MythBusters Jr. is a science entertainment television program created for the Science Channel and produced by Australia's Beyond Television Productions. The series is a spin-off of the TV show MythBusters and follows its premise of testing the validity of myths using the scientific method. It premiered on the Science network on January 2, 2019, and consisted of 10 episodes.

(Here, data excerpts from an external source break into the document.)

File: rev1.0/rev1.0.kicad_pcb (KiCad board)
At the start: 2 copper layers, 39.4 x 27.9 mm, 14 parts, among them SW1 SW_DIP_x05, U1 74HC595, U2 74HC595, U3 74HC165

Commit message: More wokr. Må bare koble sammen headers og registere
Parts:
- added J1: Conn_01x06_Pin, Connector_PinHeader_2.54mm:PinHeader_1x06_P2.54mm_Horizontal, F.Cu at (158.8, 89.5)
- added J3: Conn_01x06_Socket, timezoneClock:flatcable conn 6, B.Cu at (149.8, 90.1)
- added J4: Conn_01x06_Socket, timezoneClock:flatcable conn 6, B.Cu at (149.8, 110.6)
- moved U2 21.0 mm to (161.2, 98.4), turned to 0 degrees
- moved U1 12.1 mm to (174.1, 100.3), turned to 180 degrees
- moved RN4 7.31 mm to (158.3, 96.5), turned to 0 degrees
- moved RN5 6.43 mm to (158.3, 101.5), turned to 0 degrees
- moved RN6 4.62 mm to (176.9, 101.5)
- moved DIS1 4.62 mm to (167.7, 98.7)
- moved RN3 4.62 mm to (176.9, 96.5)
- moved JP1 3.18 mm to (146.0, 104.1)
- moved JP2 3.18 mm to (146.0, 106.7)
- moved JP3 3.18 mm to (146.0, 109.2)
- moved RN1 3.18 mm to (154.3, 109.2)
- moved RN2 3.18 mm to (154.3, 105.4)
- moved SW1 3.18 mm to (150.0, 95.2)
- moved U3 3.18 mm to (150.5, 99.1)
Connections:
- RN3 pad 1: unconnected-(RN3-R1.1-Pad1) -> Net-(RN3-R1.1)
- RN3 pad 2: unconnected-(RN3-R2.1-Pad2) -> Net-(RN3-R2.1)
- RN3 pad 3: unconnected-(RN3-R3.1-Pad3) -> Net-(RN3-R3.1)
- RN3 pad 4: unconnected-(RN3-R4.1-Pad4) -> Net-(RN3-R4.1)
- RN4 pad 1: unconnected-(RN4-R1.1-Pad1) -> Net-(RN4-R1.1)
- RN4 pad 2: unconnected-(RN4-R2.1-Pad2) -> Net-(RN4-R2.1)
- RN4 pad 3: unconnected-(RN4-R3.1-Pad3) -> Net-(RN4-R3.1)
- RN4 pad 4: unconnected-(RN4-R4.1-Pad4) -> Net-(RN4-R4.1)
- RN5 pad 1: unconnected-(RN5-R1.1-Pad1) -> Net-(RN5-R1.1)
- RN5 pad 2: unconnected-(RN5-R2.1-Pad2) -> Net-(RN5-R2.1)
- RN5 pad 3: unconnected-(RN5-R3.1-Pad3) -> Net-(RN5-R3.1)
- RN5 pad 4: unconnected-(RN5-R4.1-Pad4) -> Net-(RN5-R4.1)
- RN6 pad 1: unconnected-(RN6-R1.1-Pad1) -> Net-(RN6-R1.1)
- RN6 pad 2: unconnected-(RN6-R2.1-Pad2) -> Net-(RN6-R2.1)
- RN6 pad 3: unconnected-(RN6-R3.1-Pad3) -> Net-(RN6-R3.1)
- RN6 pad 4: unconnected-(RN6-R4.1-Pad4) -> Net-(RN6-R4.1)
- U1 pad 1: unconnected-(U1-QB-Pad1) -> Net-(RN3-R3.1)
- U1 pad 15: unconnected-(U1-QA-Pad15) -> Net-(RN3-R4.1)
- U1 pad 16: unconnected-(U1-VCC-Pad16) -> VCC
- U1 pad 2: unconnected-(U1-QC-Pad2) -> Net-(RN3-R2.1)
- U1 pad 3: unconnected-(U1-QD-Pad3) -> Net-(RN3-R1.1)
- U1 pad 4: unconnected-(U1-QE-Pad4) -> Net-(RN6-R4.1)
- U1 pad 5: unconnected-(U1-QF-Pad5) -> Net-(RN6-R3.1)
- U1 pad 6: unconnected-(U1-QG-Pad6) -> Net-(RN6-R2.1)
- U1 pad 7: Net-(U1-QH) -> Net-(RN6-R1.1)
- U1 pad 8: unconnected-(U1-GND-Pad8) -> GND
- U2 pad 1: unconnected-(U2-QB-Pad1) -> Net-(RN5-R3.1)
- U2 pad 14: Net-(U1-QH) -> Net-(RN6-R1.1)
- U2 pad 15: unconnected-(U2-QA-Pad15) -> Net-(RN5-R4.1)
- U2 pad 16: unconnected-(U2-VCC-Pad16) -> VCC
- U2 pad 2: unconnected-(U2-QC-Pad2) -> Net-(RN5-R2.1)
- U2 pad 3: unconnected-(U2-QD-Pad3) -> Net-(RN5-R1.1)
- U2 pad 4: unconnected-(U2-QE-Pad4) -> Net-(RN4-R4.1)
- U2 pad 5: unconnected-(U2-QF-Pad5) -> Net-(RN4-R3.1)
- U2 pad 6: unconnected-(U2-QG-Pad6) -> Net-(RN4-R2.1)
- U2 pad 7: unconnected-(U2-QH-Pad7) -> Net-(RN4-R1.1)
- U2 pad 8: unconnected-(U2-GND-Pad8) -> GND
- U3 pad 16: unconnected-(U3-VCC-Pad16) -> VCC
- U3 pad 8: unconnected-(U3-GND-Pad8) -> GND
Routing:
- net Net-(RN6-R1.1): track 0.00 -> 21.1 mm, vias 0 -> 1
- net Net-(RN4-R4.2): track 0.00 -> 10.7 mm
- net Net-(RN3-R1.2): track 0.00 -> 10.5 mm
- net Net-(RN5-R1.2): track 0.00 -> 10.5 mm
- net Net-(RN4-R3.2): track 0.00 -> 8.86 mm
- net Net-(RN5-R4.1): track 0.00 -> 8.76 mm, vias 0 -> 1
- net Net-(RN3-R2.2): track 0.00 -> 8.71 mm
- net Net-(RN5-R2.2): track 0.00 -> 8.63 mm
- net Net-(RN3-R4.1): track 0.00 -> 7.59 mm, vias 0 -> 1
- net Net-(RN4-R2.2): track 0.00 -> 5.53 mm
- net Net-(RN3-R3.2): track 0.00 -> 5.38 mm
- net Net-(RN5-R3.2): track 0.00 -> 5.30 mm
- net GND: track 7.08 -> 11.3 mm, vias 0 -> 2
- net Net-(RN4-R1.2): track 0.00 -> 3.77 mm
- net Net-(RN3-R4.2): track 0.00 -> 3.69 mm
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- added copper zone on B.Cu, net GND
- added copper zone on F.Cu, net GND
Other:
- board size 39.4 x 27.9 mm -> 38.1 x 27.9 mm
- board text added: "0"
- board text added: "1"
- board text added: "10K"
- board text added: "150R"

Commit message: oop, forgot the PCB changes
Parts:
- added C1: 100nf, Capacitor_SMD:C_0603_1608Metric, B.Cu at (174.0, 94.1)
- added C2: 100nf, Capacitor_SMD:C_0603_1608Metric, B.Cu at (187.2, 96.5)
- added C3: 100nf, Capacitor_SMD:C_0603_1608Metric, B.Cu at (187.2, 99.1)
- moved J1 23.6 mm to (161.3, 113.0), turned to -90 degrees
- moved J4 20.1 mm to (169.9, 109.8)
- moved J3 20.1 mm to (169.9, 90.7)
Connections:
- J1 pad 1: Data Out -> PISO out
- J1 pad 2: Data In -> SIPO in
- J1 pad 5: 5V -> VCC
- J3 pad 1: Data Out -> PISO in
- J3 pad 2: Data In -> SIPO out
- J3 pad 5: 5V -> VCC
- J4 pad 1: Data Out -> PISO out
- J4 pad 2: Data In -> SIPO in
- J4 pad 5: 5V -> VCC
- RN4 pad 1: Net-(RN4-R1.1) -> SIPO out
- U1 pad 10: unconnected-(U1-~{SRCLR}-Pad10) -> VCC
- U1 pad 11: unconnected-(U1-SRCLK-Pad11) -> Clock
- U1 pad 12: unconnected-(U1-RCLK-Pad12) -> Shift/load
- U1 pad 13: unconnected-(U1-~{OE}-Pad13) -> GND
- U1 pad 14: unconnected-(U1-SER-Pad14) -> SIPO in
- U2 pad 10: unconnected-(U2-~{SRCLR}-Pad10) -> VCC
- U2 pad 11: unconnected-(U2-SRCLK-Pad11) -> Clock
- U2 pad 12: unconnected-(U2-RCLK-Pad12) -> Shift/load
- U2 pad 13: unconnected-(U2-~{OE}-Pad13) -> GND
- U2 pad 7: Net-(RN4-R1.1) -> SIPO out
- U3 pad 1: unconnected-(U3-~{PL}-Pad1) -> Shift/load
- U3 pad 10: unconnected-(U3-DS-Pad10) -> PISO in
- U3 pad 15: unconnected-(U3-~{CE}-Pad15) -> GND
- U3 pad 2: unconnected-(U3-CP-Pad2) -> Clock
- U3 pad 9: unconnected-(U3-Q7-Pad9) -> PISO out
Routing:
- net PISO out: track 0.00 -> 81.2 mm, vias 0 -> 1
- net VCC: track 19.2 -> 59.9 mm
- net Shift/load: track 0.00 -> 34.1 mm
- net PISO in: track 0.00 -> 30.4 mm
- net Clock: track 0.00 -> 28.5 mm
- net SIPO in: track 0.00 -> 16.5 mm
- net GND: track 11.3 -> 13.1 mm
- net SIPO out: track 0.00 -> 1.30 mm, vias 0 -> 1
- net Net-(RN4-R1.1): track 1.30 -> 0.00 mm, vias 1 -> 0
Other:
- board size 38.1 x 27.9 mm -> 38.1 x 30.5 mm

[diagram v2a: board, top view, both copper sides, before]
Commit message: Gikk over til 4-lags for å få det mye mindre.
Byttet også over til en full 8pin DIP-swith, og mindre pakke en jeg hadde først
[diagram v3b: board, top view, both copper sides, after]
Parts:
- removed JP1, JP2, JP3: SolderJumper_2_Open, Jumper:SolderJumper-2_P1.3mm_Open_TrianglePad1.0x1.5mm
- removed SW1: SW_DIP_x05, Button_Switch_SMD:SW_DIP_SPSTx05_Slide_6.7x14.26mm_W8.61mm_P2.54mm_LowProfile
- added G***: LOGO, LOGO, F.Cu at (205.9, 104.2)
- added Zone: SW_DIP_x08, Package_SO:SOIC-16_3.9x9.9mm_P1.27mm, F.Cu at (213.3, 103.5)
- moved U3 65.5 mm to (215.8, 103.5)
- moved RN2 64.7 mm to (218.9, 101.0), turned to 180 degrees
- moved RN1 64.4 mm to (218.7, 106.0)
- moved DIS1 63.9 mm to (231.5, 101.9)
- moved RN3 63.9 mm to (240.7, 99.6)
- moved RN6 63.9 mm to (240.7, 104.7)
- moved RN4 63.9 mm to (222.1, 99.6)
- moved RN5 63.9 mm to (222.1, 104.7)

The show is hosted by veteran MythBuster Adam Savage and has a cast of six children skilled in STEM topics.

== Cast ==
=== Main host ===
- Adam Savage

=== Junior MythBusters ===
- Valerie Castillo – 15-year-old skilled builder and robotics expert with experience in CAD drawing and 3D printing.
- Elijah Horland – 12-year-old self-taught maker and programmer who started building computers at 9.
- Cannan Huey-You – 12-year-old with a background in coding and motion physics who dreams of being an astronaut. Brother of Carson Huey-You.
- Jesse Lawless – 15-year-old car enthusiast who built a mini chopper by himself at age 12.
- Rachel Pizzolato – 14-year-old who has remodeled houses since she was young.
- Allie Weber – 13-year-old patent inventor recognized by 3M as one of the top 10 young scientists in the country.

=== Builders ===
- Tamara Robertson – contestant and finalist of MythBusters: The Search.
- Jon Marcu

=== Helpers ===
- Carson Huey-You – assisted in the Can you barricade a door with furniture? episode.

== Episodes ==

| No. | Title | Original release date | U.S. viewers (millions) |
| 1 | "Duct Tape Special" | January 2, 2019 | 0.323 |
Can you make a functioning parachute out of duct tape? (busted) Will a tyre totally made out of duct tape function adequately? (confirmed)
| 2 | "Dynamite Air Freshener" | January 9, 2019 | 0.191 |
Can an accidental spark ignite a car filled with air freshener? (plausible) Can a dog shake off 70% of its water weight after getting wet? (plausible)
| 3 | "Battery Blast" | January 16, 2019 | 0.260 |
Can a Lithium battery catch fire if crushed in a garbage truck? (confirmed) Does an arrow truly fly "As straight as an arrow"? (plausible)
| 4 | "Demolition Dominoes" | January 23, 2019 | 0.242 |
Can a small domino knock over successively larger dominoes to the point of crushing a car? (plausible) Is it impossible to remove a single remaining brick at the base of a Jenga tower without collapsing it? (confirmed)
| 5 | "Gravity Busters" | January 23, 2019 | 0.256 |
In slow motion the bottom of a hanging slinky doesn't move when the top is released. Does it defy gravity? (confirmed) Can a number 2 pencil draw a line for 35 miles, or write 45,000 words? (35 miles busted, 45,000 words confirmed)
| 6 | "Shredder Explosion" "Paper Shred Ka-Boom!" | January 30, 2019 | N/A |
Can cleaning a paper shredder with canned air cause an explosion? (confirmed) If you made mayonnaise during an electrical storm, will it stop the ingredients combining? (busted)
| 7 | "Flatus Special" "Countdown to Gas-tastrophe" | January 30, 2019 | N/A |
Can a medical laser ignite a patient's fart during an operation? (plausible) Can Adam's fart power a rocket? (confirmed)
| 8 | "Bug Special" | February 6, 2019 | 0.166 |
Can a sticky bug trap catch a human? (confirmed) Is spider silk stronger than an equivalent mass of steel wire? (confirmed) A line of what household substance will stop an ant crossing it? (chalk, baby powder, powdered spice, cinnamon and cayenne pepper powder busted, olive oil confirmed)
| 9 | "Deep Space Hollywood" | February 6, 2019 | 0.161 |
Can you actually fly from one spacecraft to another using a fire extinguisher, like in the movie Gravity? (busted) The tagline from Alien says "In space no one can hear you scream", but is it true? (busted)
| 10 | "Breaking Bad Blow-Up" | February 6, 2019 | 0.190 |
Can a scrap yard magnet erase a laptop drive from the outside of the police evidence room and pull everything metal from across the floor into the wall in front? (busted) Can you barricade a door with furniture to stop a bad guy? (plausible) Note: Breaking Bad creator Vince Gilligan makes a guest appearance.